Work to be completed
I would like each line of the data that holds the word "rhombus" copied out.

Records supplied

..............................

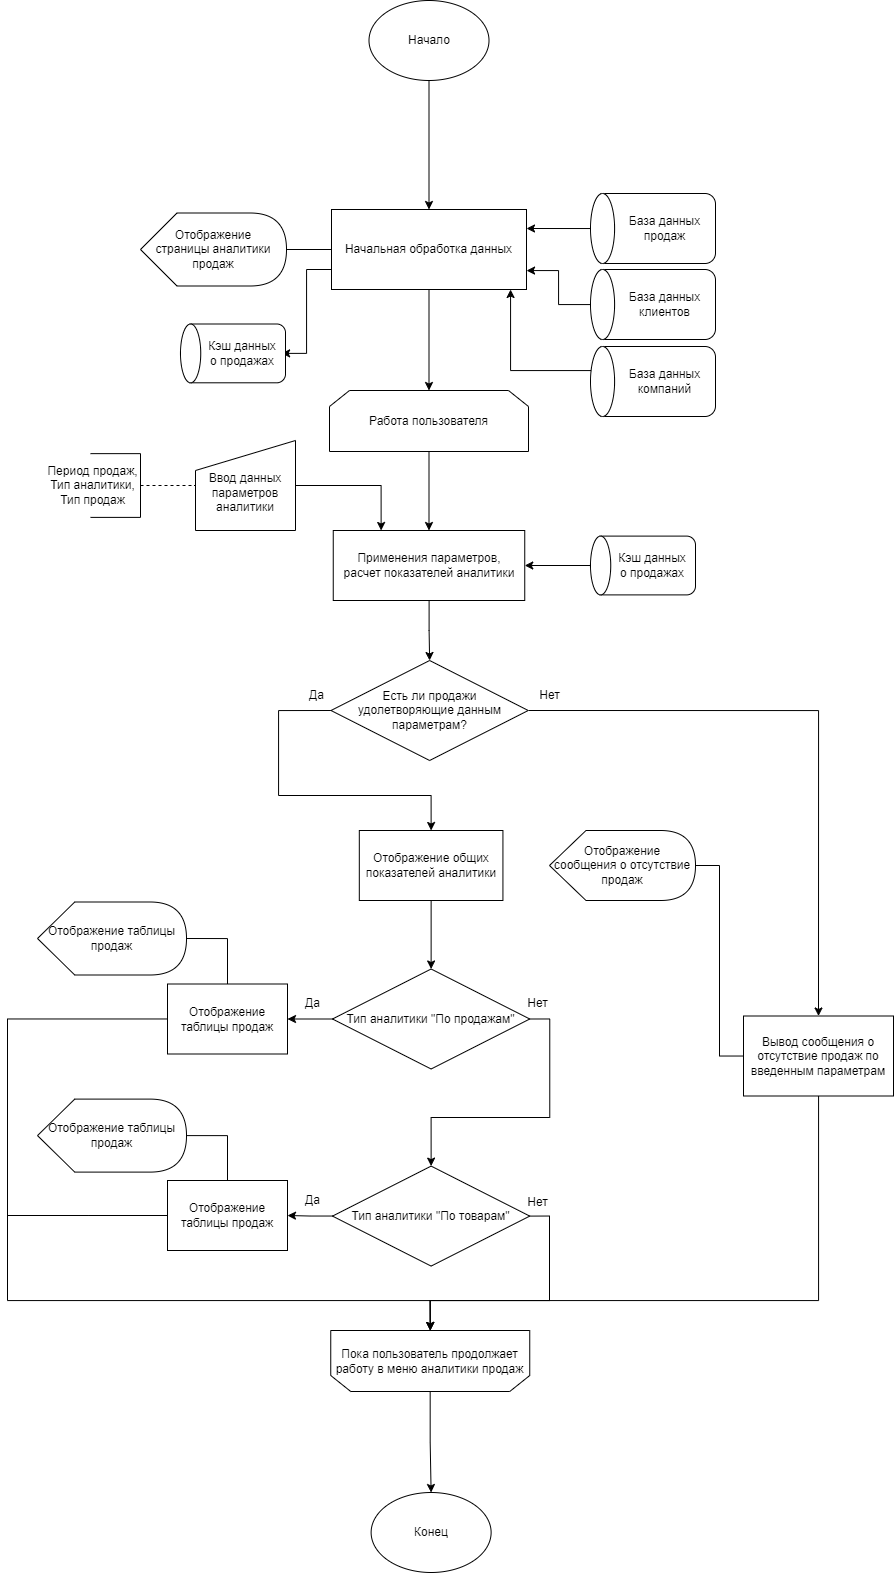

The diagram above was exported from draw.io. Its source (the exported page's mxGraphModel, read from the mxfile embedded in the PNG):
<mxGraphModel dx="899" dy="741" grid="1" gridSize="10" guides="1" tooltips="1" connect="1" arrows="1" fold="1" page="1" pageScale="1" pageWidth="1654" pageHeight="1169" math="0" shadow="0">
  <root>
    <mxCell id="0" />
    <mxCell id="1" parent="0" />
    <mxCell id="TI3ynBDGx0wDsInutYfE-86" style="edgeStyle=orthogonalEdgeStyle;rounded=0;orthogonalLoop=1;jettySize=auto;html=1;exitX=0;exitY=0.5;exitDx=0;exitDy=0;entryX=1;entryY=0.5;entryDx=0;entryDy=0;entryPerimeter=0;endArrow=none;endFill=0;" parent="1" source="TI3ynBDGx0wDsInutYfE-88" target="TI3ynBDGx0wDsInutYfE-110" edge="1">
      <mxGeometry relative="1" as="geometry" />
    </mxCell>
    <mxCell id="TI3ynBDGx0wDsInutYfE-87" style="edgeStyle=orthogonalEdgeStyle;rounded=0;orthogonalLoop=1;jettySize=auto;html=1;exitX=0;exitY=0.75;exitDx=0;exitDy=0;entryX=1;entryY=0.5;entryDx=0;entryDy=0;" parent="1" source="TI3ynBDGx0wDsInutYfE-88" target="TI3ynBDGx0wDsInutYfE-106" edge="1">
      <mxGeometry relative="1" as="geometry" />
    </mxCell>
    <mxCell id="TI3ynBDGx0wDsInutYfE-115" style="edgeStyle=orthogonalEdgeStyle;rounded=0;orthogonalLoop=1;jettySize=auto;html=1;entryX=0.5;entryY=0;entryDx=0;entryDy=0;" parent="1" source="TI3ynBDGx0wDsInutYfE-88" target="TI3ynBDGx0wDsInutYfE-114" edge="1">
      <mxGeometry relative="1" as="geometry" />
    </mxCell>
    <mxCell id="TI3ynBDGx0wDsInutYfE-88" value="Начальная обработка данных" style="rounded=0;whiteSpace=wrap;html=1;" parent="1" vertex="1">
      <mxGeometry x="503" y="259" width="195" height="80" as="geometry" />
    </mxCell>
    <mxCell id="TI3ynBDGx0wDsInutYfE-89" style="edgeStyle=orthogonalEdgeStyle;rounded=0;orthogonalLoop=1;jettySize=auto;html=1;entryX=1;entryY=0.5;entryDx=0;entryDy=0;exitX=0;exitY=0.5;exitDx=0;exitDy=0;" parent="1" source="TI3ynBDGx0wDsInutYfE-92" edge="1">
      <mxGeometry relative="1" as="geometry">
        <mxPoint x="808" y="278" as="sourcePoint" />
        <mxPoint x="698" y="278" as="targetPoint" />
        <Array as="points">
          <mxPoint x="818" y="278" />
        </Array>
      </mxGeometry>
    </mxCell>
    <mxCell id="TI3ynBDGx0wDsInutYfE-90" value="" style="group" parent="1" vertex="1" connectable="0">
      <mxGeometry x="762" y="243" width="125" height="70" as="geometry" />
    </mxCell>
    <mxCell id="TI3ynBDGx0wDsInutYfE-91" value="" style="rounded=1;whiteSpace=wrap;html=1;" parent="TI3ynBDGx0wDsInutYfE-90" vertex="1">
      <mxGeometry x="4.62962962962963" width="120.37037037037037" height="70" as="geometry" />
    </mxCell>
    <mxCell id="TI3ynBDGx0wDsInutYfE-92" value="" style="ellipse;whiteSpace=wrap;html=1;" parent="TI3ynBDGx0wDsInutYfE-90" vertex="1">
      <mxGeometry width="24.074074074074073" height="70" as="geometry" />
    </mxCell>
    <mxCell id="TI3ynBDGx0wDsInutYfE-93" value="База данных продаж" style="text;html=1;strokeColor=none;fillColor=none;align=center;verticalAlign=middle;whiteSpace=wrap;rounded=0;" parent="TI3ynBDGx0wDsInutYfE-90" vertex="1">
      <mxGeometry x="27.77777777777778" width="92.5925925925926" height="70" as="geometry" />
    </mxCell>
    <mxCell id="TI3ynBDGx0wDsInutYfE-94" value="" style="group" parent="1" vertex="1" connectable="0">
      <mxGeometry x="762" y="319" width="125" height="70" as="geometry" />
    </mxCell>
    <mxCell id="TI3ynBDGx0wDsInutYfE-95" value="" style="rounded=1;whiteSpace=wrap;html=1;" parent="TI3ynBDGx0wDsInutYfE-94" vertex="1">
      <mxGeometry x="4.62962962962963" width="120.37037037037037" height="70" as="geometry" />
    </mxCell>
    <mxCell id="TI3ynBDGx0wDsInutYfE-96" value="" style="ellipse;whiteSpace=wrap;html=1;" parent="TI3ynBDGx0wDsInutYfE-94" vertex="1">
      <mxGeometry width="24.074074074074073" height="70" as="geometry" />
    </mxCell>
    <mxCell id="TI3ynBDGx0wDsInutYfE-97" value="База данных клиентов" style="text;html=1;strokeColor=none;fillColor=none;align=center;verticalAlign=middle;whiteSpace=wrap;rounded=0;" parent="TI3ynBDGx0wDsInutYfE-94" vertex="1">
      <mxGeometry x="27.77777777777778" width="92.5925925925926" height="70" as="geometry" />
    </mxCell>
    <mxCell id="TI3ynBDGx0wDsInutYfE-98" value="" style="group" parent="1" vertex="1" connectable="0">
      <mxGeometry x="762" y="396" width="125" height="70" as="geometry" />
    </mxCell>
    <mxCell id="TI3ynBDGx0wDsInutYfE-99" value="" style="rounded=1;whiteSpace=wrap;html=1;" parent="TI3ynBDGx0wDsInutYfE-98" vertex="1">
      <mxGeometry x="4.62962962962963" width="120.37037037037037" height="70" as="geometry" />
    </mxCell>
    <mxCell id="TI3ynBDGx0wDsInutYfE-100" value="" style="ellipse;whiteSpace=wrap;html=1;" parent="TI3ynBDGx0wDsInutYfE-98" vertex="1">
      <mxGeometry width="24.074074074074073" height="70" as="geometry" />
    </mxCell>
    <mxCell id="TI3ynBDGx0wDsInutYfE-101" value="База данных компаний" style="text;html=1;strokeColor=none;fillColor=none;align=center;verticalAlign=middle;whiteSpace=wrap;rounded=0;" parent="TI3ynBDGx0wDsInutYfE-98" vertex="1">
      <mxGeometry x="27.77777777777778" width="92.5925925925926" height="70" as="geometry" />
    </mxCell>
    <mxCell id="TI3ynBDGx0wDsInutYfE-102" style="edgeStyle=orthogonalEdgeStyle;rounded=0;orthogonalLoop=1;jettySize=auto;html=1;" parent="1" source="TI3ynBDGx0wDsInutYfE-96" edge="1">
      <mxGeometry relative="1" as="geometry">
        <mxPoint x="698" y="320" as="targetPoint" />
        <Array as="points">
          <mxPoint x="730" y="354" />
          <mxPoint x="730" y="320" />
          <mxPoint x="698" y="320" />
        </Array>
      </mxGeometry>
    </mxCell>
    <mxCell id="TI3ynBDGx0wDsInutYfE-103" value="" style="group" parent="1" vertex="1" connectable="0">
      <mxGeometry x="352" y="373.5" width="105" height="58.8" as="geometry" />
    </mxCell>
    <mxCell id="TI3ynBDGx0wDsInutYfE-104" value="" style="rounded=1;whiteSpace=wrap;html=1;" parent="TI3ynBDGx0wDsInutYfE-103" vertex="1">
      <mxGeometry x="3.888888888888889" width="101.1111111111111" height="58.8" as="geometry" />
    </mxCell>
    <mxCell id="TI3ynBDGx0wDsInutYfE-105" value="" style="ellipse;whiteSpace=wrap;html=1;" parent="TI3ynBDGx0wDsInutYfE-103" vertex="1">
      <mxGeometry width="20.22222222222222" height="58.8" as="geometry" />
    </mxCell>
    <mxCell id="TI3ynBDGx0wDsInutYfE-106" value="Кэш данных о продажах" style="text;html=1;strokeColor=none;fillColor=none;align=center;verticalAlign=middle;whiteSpace=wrap;rounded=0;" parent="TI3ynBDGx0wDsInutYfE-103" vertex="1">
      <mxGeometry x="23.333333333333332" width="77.77777777777777" height="58.8" as="geometry" />
    </mxCell>
    <mxCell id="TI3ynBDGx0wDsInutYfE-107" style="edgeStyle=orthogonalEdgeStyle;rounded=0;orthogonalLoop=1;jettySize=auto;html=1;" parent="1" source="TI3ynBDGx0wDsInutYfE-100" target="TI3ynBDGx0wDsInutYfE-88" edge="1">
      <mxGeometry relative="1" as="geometry">
        <Array as="points">
          <mxPoint x="682" y="420" />
        </Array>
        <mxPoint x="712" y="390" as="targetPoint" />
      </mxGeometry>
    </mxCell>
    <mxCell id="TI3ynBDGx0wDsInutYfE-110" value="Отображение &lt;br&gt;страницы аналитики продаж" style="shape=display;whiteSpace=wrap;html=1;" parent="1" vertex="1">
      <mxGeometry x="312" y="262.5" width="146" height="73" as="geometry" />
    </mxCell>
    <mxCell id="TI3ynBDGx0wDsInutYfE-117" style="edgeStyle=orthogonalEdgeStyle;rounded=0;orthogonalLoop=1;jettySize=auto;html=1;exitX=0.5;exitY=1;exitDx=0;exitDy=0;entryX=0.5;entryY=0;entryDx=0;entryDy=0;" parent="1" source="TI3ynBDGx0wDsInutYfE-114" target="TI3ynBDGx0wDsInutYfE-116" edge="1">
      <mxGeometry relative="1" as="geometry" />
    </mxCell>
    <mxCell id="TI3ynBDGx0wDsInutYfE-114" value="Работа пользователя" style="shape=loopLimit;whiteSpace=wrap;html=1;" parent="1" vertex="1">
      <mxGeometry x="501" y="440" width="199" height="61" as="geometry" />
    </mxCell>
    <mxCell id="TI3ynBDGx0wDsInutYfE-157" style="edgeStyle=orthogonalEdgeStyle;rounded=0;orthogonalLoop=1;jettySize=auto;html=1;entryX=0.5;entryY=0;entryDx=0;entryDy=0;" parent="1" source="TI3ynBDGx0wDsInutYfE-116" target="TI3ynBDGx0wDsInutYfE-129" edge="1">
      <mxGeometry relative="1" as="geometry">
        <mxPoint x="837.5" y="679.9999999999998" as="targetPoint" />
      </mxGeometry>
    </mxCell>
    <mxCell id="TI3ynBDGx0wDsInutYfE-116" value="Применения параметров, &lt;br&gt;расчет показателей аналитики" style="rounded=0;whiteSpace=wrap;html=1;" parent="1" vertex="1">
      <mxGeometry x="504.75" y="580" width="191.5" height="70" as="geometry" />
    </mxCell>
    <mxCell id="TI3ynBDGx0wDsInutYfE-119" style="edgeStyle=orthogonalEdgeStyle;rounded=0;orthogonalLoop=1;jettySize=auto;html=1;entryX=0.25;entryY=0;entryDx=0;entryDy=0;" parent="1" source="TI3ynBDGx0wDsInutYfE-118" target="TI3ynBDGx0wDsInutYfE-116" edge="1">
      <mxGeometry relative="1" as="geometry" />
    </mxCell>
    <mxCell id="TI3ynBDGx0wDsInutYfE-118" value="&lt;br&gt;Ввод данных параметров аналитики" style="shape=manualInput;whiteSpace=wrap;html=1;" parent="1" vertex="1">
      <mxGeometry x="367" y="490" width="100" height="90" as="geometry" />
    </mxCell>
    <mxCell id="TI3ynBDGx0wDsInutYfE-127" style="edgeStyle=orthogonalEdgeStyle;rounded=0;orthogonalLoop=1;jettySize=auto;html=1;entryX=0;entryY=0.5;entryDx=0;entryDy=0;endArrow=none;endFill=0;dashed=1;" parent="1" source="TI3ynBDGx0wDsInutYfE-126" target="TI3ynBDGx0wDsInutYfE-118" edge="1">
      <mxGeometry relative="1" as="geometry" />
    </mxCell>
    <mxCell id="TI3ynBDGx0wDsInutYfE-126" value="" style="strokeWidth=1;html=1;shape=mxgraph.flowchart.annotation_1;align=left;pointerEvents=1;direction=west;" parent="1" vertex="1">
      <mxGeometry x="262" y="503.13" width="50" height="63.75" as="geometry" />
    </mxCell>
    <mxCell id="TI3ynBDGx0wDsInutYfE-128" value="Период продаж,&lt;br&gt;Тип аналитики,&lt;br&gt;Тип продаж" style="text;html=1;align=center;verticalAlign=middle;resizable=0;points=[];autosize=1;strokeColor=none;fillColor=none;" parent="1" vertex="1">
      <mxGeometry x="209" y="505" width="110" height="60" as="geometry" />
    </mxCell>
    <mxCell id="TI3ynBDGx0wDsInutYfE-191" style="edgeStyle=orthogonalEdgeStyle;rounded=0;orthogonalLoop=1;jettySize=auto;html=1;entryX=0.5;entryY=0;entryDx=0;entryDy=0;exitX=1;exitY=0.5;exitDx=0;exitDy=0;" parent="1" source="TI3ynBDGx0wDsInutYfE-129" target="TI3ynBDGx0wDsInutYfE-176" edge="1">
      <mxGeometry relative="1" as="geometry">
        <Array as="points">
          <mxPoint x="990" y="760" />
        </Array>
        <mxPoint x="958.25" y="842" as="targetPoint" />
      </mxGeometry>
    </mxCell>
    <mxCell id="dJsm-ZmQnRCkFto4R5Wr-1" style="edgeStyle=orthogonalEdgeStyle;rounded=0;orthogonalLoop=1;jettySize=auto;html=1;exitX=0;exitY=0.5;exitDx=0;exitDy=0;entryX=0.5;entryY=0;entryDx=0;entryDy=0;" parent="1" source="TI3ynBDGx0wDsInutYfE-129" target="TI3ynBDGx0wDsInutYfE-200" edge="1">
      <mxGeometry relative="1" as="geometry">
        <Array as="points">
          <mxPoint x="450" y="760" />
          <mxPoint x="450" y="845" />
          <mxPoint x="603" y="845" />
        </Array>
      </mxGeometry>
    </mxCell>
    <mxCell id="TI3ynBDGx0wDsInutYfE-129" value="Есть ли продажи &lt;br&gt;удолетворяющие данным параметрам?" style="rhombus;whiteSpace=wrap;html=1;" parent="1" vertex="1">
      <mxGeometry x="502.5" y="710" width="197.25" height="100" as="geometry" />
    </mxCell>
    <mxCell id="TI3ynBDGx0wDsInutYfE-133" value="" style="group" parent="1" vertex="1" connectable="0">
      <mxGeometry x="762" y="585.6" width="105" height="58.8" as="geometry" />
    </mxCell>
    <mxCell id="TI3ynBDGx0wDsInutYfE-134" value="" style="rounded=1;whiteSpace=wrap;html=1;" parent="TI3ynBDGx0wDsInutYfE-133" vertex="1">
      <mxGeometry x="3.888888888888889" width="101.1111111111111" height="58.8" as="geometry" />
    </mxCell>
    <mxCell id="TI3ynBDGx0wDsInutYfE-135" value="" style="ellipse;whiteSpace=wrap;html=1;" parent="TI3ynBDGx0wDsInutYfE-133" vertex="1">
      <mxGeometry width="20.22222222222222" height="58.8" as="geometry" />
    </mxCell>
    <mxCell id="TI3ynBDGx0wDsInutYfE-136" value="Кэш данных о продажах" style="text;html=1;strokeColor=none;fillColor=none;align=center;verticalAlign=middle;whiteSpace=wrap;rounded=0;" parent="TI3ynBDGx0wDsInutYfE-133" vertex="1">
      <mxGeometry x="23.333333333333332" width="77.77777777777777" height="58.8" as="geometry" />
    </mxCell>
    <mxCell id="TI3ynBDGx0wDsInutYfE-140" value="Нет" style="text;html=1;align=center;verticalAlign=middle;resizable=0;points=[];autosize=1;strokeColor=none;fillColor=none;" parent="1" vertex="1">
      <mxGeometry x="701.25" y="730" width="40" height="30" as="geometry" />
    </mxCell>
    <mxCell id="TI3ynBDGx0wDsInutYfE-143" value="Да" style="text;html=1;align=center;verticalAlign=middle;resizable=0;points=[];autosize=1;strokeColor=none;fillColor=none;" parent="1" vertex="1">
      <mxGeometry x="467.62" y="730" width="40" height="30" as="geometry" />
    </mxCell>
    <mxCell id="TI3ynBDGx0wDsInutYfE-159" style="edgeStyle=orthogonalEdgeStyle;rounded=0;orthogonalLoop=1;jettySize=auto;html=1;entryX=1;entryY=0.5;entryDx=0;entryDy=0;" parent="1" source="TI3ynBDGx0wDsInutYfE-135" target="TI3ynBDGx0wDsInutYfE-116" edge="1">
      <mxGeometry relative="1" as="geometry" />
    </mxCell>
    <mxCell id="TI3ynBDGx0wDsInutYfE-174" style="edgeStyle=orthogonalEdgeStyle;rounded=0;orthogonalLoop=1;jettySize=auto;html=1;entryX=1;entryY=0.5;entryDx=0;entryDy=0;entryPerimeter=0;endArrow=none;endFill=0;" parent="1" source="TI3ynBDGx0wDsInutYfE-176" target="TI3ynBDGx0wDsInutYfE-177" edge="1">
      <mxGeometry relative="1" as="geometry" />
    </mxCell>
    <mxCell id="TI3ynBDGx0wDsInutYfE-231" style="edgeStyle=orthogonalEdgeStyle;rounded=0;orthogonalLoop=1;jettySize=auto;html=1;entryX=0.5;entryY=1;entryDx=0;entryDy=0;" parent="1" source="TI3ynBDGx0wDsInutYfE-176" target="TI3ynBDGx0wDsInutYfE-223" edge="1">
      <mxGeometry relative="1" as="geometry">
        <Array as="points">
          <mxPoint x="990" y="1350" />
          <mxPoint x="602" y="1350" />
        </Array>
      </mxGeometry>
    </mxCell>
    <mxCell id="TI3ynBDGx0wDsInutYfE-176" value="Вывод сообщения о отсутствие продаж по введенным параметрам" style="rounded=0;whiteSpace=wrap;html=1;" parent="1" vertex="1">
      <mxGeometry x="915" y="1065.5" width="150" height="80" as="geometry" />
    </mxCell>
    <mxCell id="TI3ynBDGx0wDsInutYfE-177" value="Отображение &lt;br&gt;сообщения о отсутствие продаж" style="shape=display;whiteSpace=wrap;html=1;" parent="1" vertex="1">
      <mxGeometry x="721" y="880" width="146" height="70" as="geometry" />
    </mxCell>
    <mxCell id="TI3ynBDGx0wDsInutYfE-179" value="Отображение таблицы продаж" style="shape=display;whiteSpace=wrap;html=1;" parent="1" vertex="1">
      <mxGeometry x="209" y="951.5" width="149" height="73" as="geometry" />
    </mxCell>
    <mxCell id="TI3ynBDGx0wDsInutYfE-212" style="edgeStyle=orthogonalEdgeStyle;rounded=0;orthogonalLoop=1;jettySize=auto;html=1;entryX=1;entryY=0.5;entryDx=0;entryDy=0;" parent="1" source="TI3ynBDGx0wDsInutYfE-181" target="TI3ynBDGx0wDsInutYfE-183" edge="1">
      <mxGeometry relative="1" as="geometry" />
    </mxCell>
    <mxCell id="TI3ynBDGx0wDsInutYfE-219" style="edgeStyle=orthogonalEdgeStyle;rounded=0;orthogonalLoop=1;jettySize=auto;html=1;exitX=1;exitY=0.5;exitDx=0;exitDy=0;entryX=0.5;entryY=0;entryDx=0;entryDy=0;" parent="1" source="TI3ynBDGx0wDsInutYfE-181" target="TI3ynBDGx0wDsInutYfE-215" edge="1">
      <mxGeometry relative="1" as="geometry" />
    </mxCell>
    <mxCell id="TI3ynBDGx0wDsInutYfE-181" value="Тип аналитики &quot;По продажам&quot;" style="rhombus;whiteSpace=wrap;html=1;" parent="1" vertex="1">
      <mxGeometry x="504" y="1018.5" width="197.25" height="100" as="geometry" />
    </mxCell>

..............................

Solution
    <mxCell id="TI3ynBDGx0wDsInutYfE-129" value="Есть ли продажи &lt;br&gt;удолетворяющие данным параметрам?" style="rhombus;whiteSpace=wrap;html=1;" parent="1" vertex="1">
    <mxCell id="TI3ynBDGx0wDsInutYfE-181" value="Тип аналитики &quot;По продажам&quot;" style="rhombus;whiteSpace=wrap;html=1;" parent="1" vertex="1">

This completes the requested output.